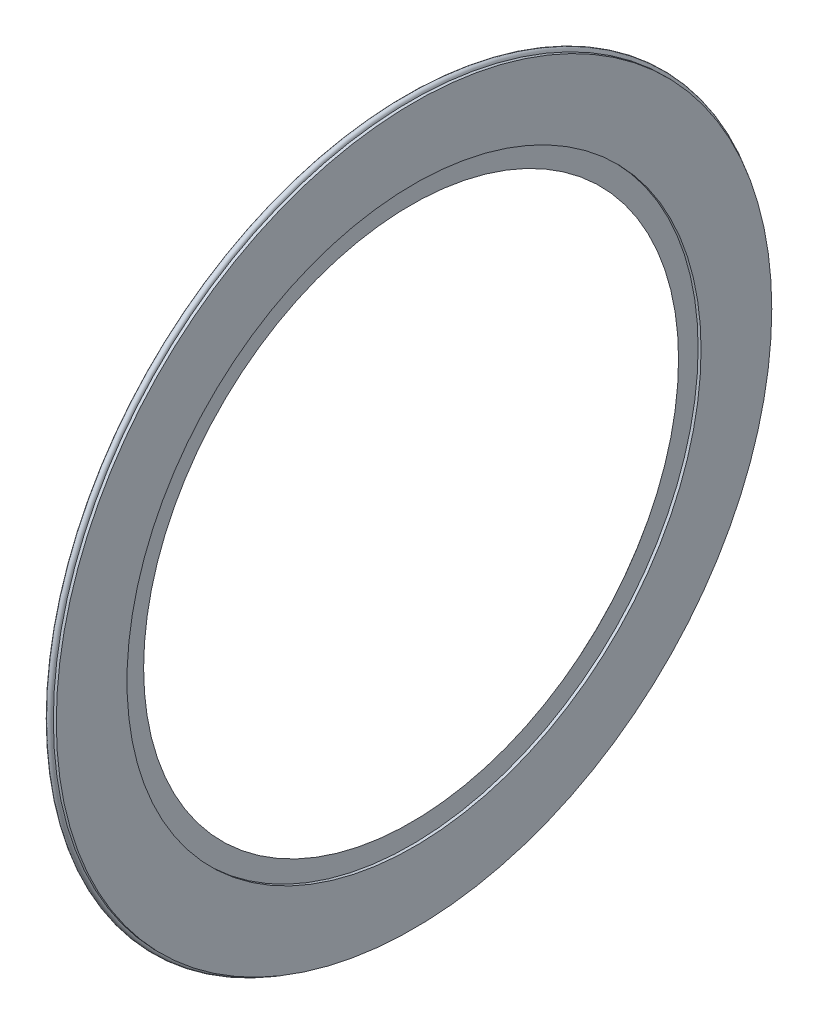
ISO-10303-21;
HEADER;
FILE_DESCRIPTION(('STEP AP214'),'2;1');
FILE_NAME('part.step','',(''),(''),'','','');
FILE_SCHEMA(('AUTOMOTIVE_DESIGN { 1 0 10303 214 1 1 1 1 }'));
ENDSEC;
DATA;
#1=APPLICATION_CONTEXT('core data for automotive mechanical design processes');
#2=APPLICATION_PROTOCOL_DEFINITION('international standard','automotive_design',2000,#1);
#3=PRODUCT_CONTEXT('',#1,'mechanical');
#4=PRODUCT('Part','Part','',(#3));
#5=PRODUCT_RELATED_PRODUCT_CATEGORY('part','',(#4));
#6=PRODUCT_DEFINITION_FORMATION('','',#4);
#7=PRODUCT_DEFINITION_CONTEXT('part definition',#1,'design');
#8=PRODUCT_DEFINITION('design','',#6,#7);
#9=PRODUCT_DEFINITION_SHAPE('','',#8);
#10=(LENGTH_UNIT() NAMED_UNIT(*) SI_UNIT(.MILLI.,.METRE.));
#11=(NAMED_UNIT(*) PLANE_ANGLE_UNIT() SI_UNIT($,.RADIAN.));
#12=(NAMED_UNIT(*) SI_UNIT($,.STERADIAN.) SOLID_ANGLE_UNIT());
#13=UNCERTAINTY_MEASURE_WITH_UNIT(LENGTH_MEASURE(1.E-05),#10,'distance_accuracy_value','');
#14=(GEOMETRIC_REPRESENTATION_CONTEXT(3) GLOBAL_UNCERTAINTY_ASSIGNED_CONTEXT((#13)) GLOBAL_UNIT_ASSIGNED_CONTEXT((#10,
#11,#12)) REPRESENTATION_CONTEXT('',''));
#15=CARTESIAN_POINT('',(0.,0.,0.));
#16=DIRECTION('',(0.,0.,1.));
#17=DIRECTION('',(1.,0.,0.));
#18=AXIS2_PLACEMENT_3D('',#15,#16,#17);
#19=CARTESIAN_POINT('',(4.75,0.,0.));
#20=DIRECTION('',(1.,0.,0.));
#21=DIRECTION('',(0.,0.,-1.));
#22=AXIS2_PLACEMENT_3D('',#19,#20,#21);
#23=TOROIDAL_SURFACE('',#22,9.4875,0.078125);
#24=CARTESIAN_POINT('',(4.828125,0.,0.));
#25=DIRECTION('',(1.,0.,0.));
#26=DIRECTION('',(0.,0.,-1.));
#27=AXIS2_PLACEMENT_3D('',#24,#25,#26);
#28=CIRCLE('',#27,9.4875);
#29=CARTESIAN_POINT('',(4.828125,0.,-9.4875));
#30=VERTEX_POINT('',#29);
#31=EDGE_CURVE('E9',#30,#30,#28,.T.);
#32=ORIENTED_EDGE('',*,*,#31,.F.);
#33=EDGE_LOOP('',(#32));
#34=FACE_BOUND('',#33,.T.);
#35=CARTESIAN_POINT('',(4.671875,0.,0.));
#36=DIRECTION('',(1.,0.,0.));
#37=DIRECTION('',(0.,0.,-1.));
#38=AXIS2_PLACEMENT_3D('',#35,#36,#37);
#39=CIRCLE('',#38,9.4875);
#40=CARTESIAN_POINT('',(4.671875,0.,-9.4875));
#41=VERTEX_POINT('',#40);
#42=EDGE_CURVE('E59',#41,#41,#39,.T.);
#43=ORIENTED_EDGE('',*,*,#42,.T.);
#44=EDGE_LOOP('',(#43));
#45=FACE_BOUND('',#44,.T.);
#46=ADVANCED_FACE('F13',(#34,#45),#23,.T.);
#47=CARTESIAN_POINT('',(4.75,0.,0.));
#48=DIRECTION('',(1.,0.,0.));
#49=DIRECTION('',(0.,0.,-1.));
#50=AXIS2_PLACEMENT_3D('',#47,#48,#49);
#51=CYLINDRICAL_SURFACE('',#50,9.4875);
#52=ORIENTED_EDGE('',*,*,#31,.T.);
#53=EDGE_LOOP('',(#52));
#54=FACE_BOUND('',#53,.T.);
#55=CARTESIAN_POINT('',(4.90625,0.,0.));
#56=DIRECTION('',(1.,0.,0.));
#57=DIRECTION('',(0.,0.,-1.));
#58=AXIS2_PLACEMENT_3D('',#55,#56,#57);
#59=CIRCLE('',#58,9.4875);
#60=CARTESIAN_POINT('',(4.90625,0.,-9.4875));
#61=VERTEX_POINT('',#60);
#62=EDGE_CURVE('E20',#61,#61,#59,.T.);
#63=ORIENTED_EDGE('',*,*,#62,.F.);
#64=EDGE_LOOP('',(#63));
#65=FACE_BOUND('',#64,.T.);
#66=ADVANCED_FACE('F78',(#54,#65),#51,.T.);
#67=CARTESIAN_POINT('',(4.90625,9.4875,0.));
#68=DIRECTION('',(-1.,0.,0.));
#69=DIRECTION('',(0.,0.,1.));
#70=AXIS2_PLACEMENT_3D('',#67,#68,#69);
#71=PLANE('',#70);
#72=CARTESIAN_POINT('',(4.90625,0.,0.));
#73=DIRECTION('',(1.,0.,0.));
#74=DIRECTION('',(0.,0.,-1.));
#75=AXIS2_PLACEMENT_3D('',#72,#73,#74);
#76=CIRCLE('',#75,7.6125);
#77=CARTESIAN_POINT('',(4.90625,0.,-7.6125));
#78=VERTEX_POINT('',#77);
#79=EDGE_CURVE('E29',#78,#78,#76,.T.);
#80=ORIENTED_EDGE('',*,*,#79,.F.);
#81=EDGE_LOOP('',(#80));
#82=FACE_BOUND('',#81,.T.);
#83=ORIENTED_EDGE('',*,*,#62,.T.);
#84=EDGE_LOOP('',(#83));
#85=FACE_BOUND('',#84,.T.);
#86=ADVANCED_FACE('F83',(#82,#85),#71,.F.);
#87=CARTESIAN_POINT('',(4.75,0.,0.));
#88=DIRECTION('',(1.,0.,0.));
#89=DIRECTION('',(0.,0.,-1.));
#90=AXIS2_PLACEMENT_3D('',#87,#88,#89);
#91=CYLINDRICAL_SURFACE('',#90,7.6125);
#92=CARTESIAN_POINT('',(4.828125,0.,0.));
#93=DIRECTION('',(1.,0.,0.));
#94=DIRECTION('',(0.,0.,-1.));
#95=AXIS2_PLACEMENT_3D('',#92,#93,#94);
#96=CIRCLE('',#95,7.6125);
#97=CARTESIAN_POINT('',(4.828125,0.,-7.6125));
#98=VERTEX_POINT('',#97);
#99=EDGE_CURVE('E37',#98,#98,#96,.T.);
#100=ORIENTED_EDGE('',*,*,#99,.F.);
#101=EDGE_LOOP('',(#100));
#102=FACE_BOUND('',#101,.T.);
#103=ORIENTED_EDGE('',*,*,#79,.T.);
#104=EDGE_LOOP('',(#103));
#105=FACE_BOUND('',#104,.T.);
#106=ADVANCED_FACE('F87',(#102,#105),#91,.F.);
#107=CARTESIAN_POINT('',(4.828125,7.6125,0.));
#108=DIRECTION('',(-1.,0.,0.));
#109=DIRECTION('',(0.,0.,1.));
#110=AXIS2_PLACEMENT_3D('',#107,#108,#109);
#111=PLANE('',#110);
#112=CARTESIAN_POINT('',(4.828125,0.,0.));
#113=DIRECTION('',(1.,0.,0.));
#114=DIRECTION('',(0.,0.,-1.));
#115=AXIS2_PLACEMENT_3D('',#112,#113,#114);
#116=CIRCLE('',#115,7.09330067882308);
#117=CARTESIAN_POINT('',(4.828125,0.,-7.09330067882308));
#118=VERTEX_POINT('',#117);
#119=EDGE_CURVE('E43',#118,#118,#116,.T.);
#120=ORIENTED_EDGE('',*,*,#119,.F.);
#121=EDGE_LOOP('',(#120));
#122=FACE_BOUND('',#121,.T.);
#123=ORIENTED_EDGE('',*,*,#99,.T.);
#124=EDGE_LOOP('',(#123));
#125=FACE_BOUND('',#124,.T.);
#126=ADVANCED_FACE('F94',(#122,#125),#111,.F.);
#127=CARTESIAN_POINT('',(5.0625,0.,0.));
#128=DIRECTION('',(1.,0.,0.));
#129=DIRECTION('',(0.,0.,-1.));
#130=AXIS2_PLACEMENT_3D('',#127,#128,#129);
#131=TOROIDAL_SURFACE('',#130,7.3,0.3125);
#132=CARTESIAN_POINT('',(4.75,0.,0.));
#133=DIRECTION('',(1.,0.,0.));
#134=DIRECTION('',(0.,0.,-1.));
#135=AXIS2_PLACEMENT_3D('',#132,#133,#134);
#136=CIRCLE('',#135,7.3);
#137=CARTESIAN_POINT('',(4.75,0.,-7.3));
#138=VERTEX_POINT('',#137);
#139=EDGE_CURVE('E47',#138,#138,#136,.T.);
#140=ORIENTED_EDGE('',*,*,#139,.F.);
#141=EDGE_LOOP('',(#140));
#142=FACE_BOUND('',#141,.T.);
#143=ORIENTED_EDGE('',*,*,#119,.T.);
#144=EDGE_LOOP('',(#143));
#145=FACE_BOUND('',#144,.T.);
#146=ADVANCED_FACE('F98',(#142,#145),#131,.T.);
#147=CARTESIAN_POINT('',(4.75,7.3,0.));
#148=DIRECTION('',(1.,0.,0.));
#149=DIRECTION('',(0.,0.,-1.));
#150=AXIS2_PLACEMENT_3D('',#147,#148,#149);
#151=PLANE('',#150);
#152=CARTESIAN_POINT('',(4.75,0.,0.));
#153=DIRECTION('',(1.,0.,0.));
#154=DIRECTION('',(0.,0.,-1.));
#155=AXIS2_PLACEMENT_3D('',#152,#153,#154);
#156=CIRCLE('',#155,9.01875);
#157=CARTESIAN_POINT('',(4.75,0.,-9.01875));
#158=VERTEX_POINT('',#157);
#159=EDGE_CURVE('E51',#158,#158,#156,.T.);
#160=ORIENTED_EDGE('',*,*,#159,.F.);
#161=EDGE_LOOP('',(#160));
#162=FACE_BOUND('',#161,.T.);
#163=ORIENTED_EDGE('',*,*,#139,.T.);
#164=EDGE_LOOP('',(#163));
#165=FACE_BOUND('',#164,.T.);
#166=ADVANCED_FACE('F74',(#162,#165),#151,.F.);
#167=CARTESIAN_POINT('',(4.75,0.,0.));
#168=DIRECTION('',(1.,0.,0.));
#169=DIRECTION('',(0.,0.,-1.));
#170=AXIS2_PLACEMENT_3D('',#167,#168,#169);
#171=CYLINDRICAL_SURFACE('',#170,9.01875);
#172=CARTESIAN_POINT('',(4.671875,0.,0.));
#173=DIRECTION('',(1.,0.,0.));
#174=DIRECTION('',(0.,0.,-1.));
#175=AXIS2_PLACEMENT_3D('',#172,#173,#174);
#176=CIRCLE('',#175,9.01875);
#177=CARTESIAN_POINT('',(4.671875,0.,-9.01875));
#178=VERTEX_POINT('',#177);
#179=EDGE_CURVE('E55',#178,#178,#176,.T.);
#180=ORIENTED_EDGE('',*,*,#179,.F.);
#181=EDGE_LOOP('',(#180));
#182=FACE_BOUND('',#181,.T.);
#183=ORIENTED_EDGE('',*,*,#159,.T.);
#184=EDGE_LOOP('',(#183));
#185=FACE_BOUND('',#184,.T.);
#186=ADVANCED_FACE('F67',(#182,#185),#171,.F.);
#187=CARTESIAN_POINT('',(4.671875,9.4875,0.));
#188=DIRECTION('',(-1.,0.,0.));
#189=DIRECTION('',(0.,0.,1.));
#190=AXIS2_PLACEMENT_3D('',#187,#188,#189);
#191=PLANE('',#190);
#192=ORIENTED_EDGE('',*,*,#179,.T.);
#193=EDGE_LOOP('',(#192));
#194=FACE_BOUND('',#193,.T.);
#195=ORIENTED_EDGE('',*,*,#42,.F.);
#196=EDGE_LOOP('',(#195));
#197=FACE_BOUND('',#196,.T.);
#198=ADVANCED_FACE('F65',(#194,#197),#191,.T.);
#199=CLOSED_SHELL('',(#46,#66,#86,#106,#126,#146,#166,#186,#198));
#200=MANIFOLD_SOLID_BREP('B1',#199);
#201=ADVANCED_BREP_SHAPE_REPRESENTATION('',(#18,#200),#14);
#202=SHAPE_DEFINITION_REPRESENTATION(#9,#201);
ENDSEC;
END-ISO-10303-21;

________________________________________

TASK: From the first line of the listing above, repeat every line through the one holding "#40=CARTESIAN_POINT('',(4.671875,0.,-9.4875));". Both ends count, and pictures stay out.

ANSWER TO THIS PROBLEM:
ISO-10303-21;
HEADER;
FILE_DESCRIPTION(('STEP AP214'),'2;1');
FILE_NAME('part.step','',(''),(''),'','','');
FILE_SCHEMA(('AUTOMOTIVE_DESIGN { 1 0 10303 214 1 1 1 1 }'));
ENDSEC;
DATA;
#1=APPLICATION_CONTEXT('core data for automotive mechanical design processes');
#2=APPLICATION_PROTOCOL_DEFINITION('international standard','automotive_design',2000,#1);
#3=PRODUCT_CONTEXT('',#1,'mechanical');
#4=PRODUCT('Part','Part','',(#3));
#5=PRODUCT_RELATED_PRODUCT_CATEGORY('part','',(#4));
#6=PRODUCT_DEFINITION_FORMATION('','',#4);
#7=PRODUCT_DEFINITION_CONTEXT('part definition',#1,'design');
#8=PRODUCT_DEFINITION('design','',#6,#7);
#9=PRODUCT_DEFINITION_SHAPE('','',#8);
#10=(LENGTH_UNIT() NAMED_UNIT(*) SI_UNIT(.MILLI.,.METRE.));
#11=(NAMED_UNIT(*) PLANE_ANGLE_UNIT() SI_UNIT($,.RADIAN.));
#12=(NAMED_UNIT(*) SI_UNIT($,.STERADIAN.) SOLID_ANGLE_UNIT());
#13=UNCERTAINTY_MEASURE_WITH_UNIT(LENGTH_MEASURE(1.E-05),#10,'distance_accuracy_value','');
#14=(GEOMETRIC_REPRESENTATION_CONTEXT(3) GLOBAL_UNCERTAINTY_ASSIGNED_CONTEXT((#13)) GLOBAL_UNIT_ASSIGNED_CONTEXT((#10,
#11,#12)) REPRESENTATION_CONTEXT('',''));
#15=CARTESIAN_POINT('',(0.,0.,0.));
#16=DIRECTION('',(0.,0.,1.));
#17=DIRECTION('',(1.,0.,0.));
#18=AXIS2_PLACEMENT_3D('',#15,#16,#17);
#19=CARTESIAN_POINT('',(4.75,0.,0.));
#20=DIRECTION('',(1.,0.,0.));
#21=DIRECTION('',(0.,0.,-1.));
#22=AXIS2_PLACEMENT_3D('',#19,#20,#21);
#23=TOROIDAL_SURFACE('',#22,9.4875,0.078125);
#24=CARTESIAN_POINT('',(4.828125,0.,0.));
#25=DIRECTION('',(1.,0.,0.));
#26=DIRECTION('',(0.,0.,-1.));
#27=AXIS2_PLACEMENT_3D('',#24,#25,#26);
#28=CIRCLE('',#27,9.4875);
#29=CARTESIAN_POINT('',(4.828125,0.,-9.4875));
#30=VERTEX_POINT('',#29);
#31=EDGE_CURVE('E9',#30,#30,#28,.T.);
#32=ORIENTED_EDGE('',*,*,#31,.F.);
#33=EDGE_LOOP('',(#32));
#34=FACE_BOUND('',#33,.T.);
#35=CARTESIAN_POINT('',(4.671875,0.,0.));
#36=DIRECTION('',(1.,0.,0.));
#37=DIRECTION('',(0.,0.,-1.));
#38=AXIS2_PLACEMENT_3D('',#35,#36,#37);
#39=CIRCLE('',#38,9.4875);
#40=CARTESIAN_POINT('',(4.671875,0.,-9.4875));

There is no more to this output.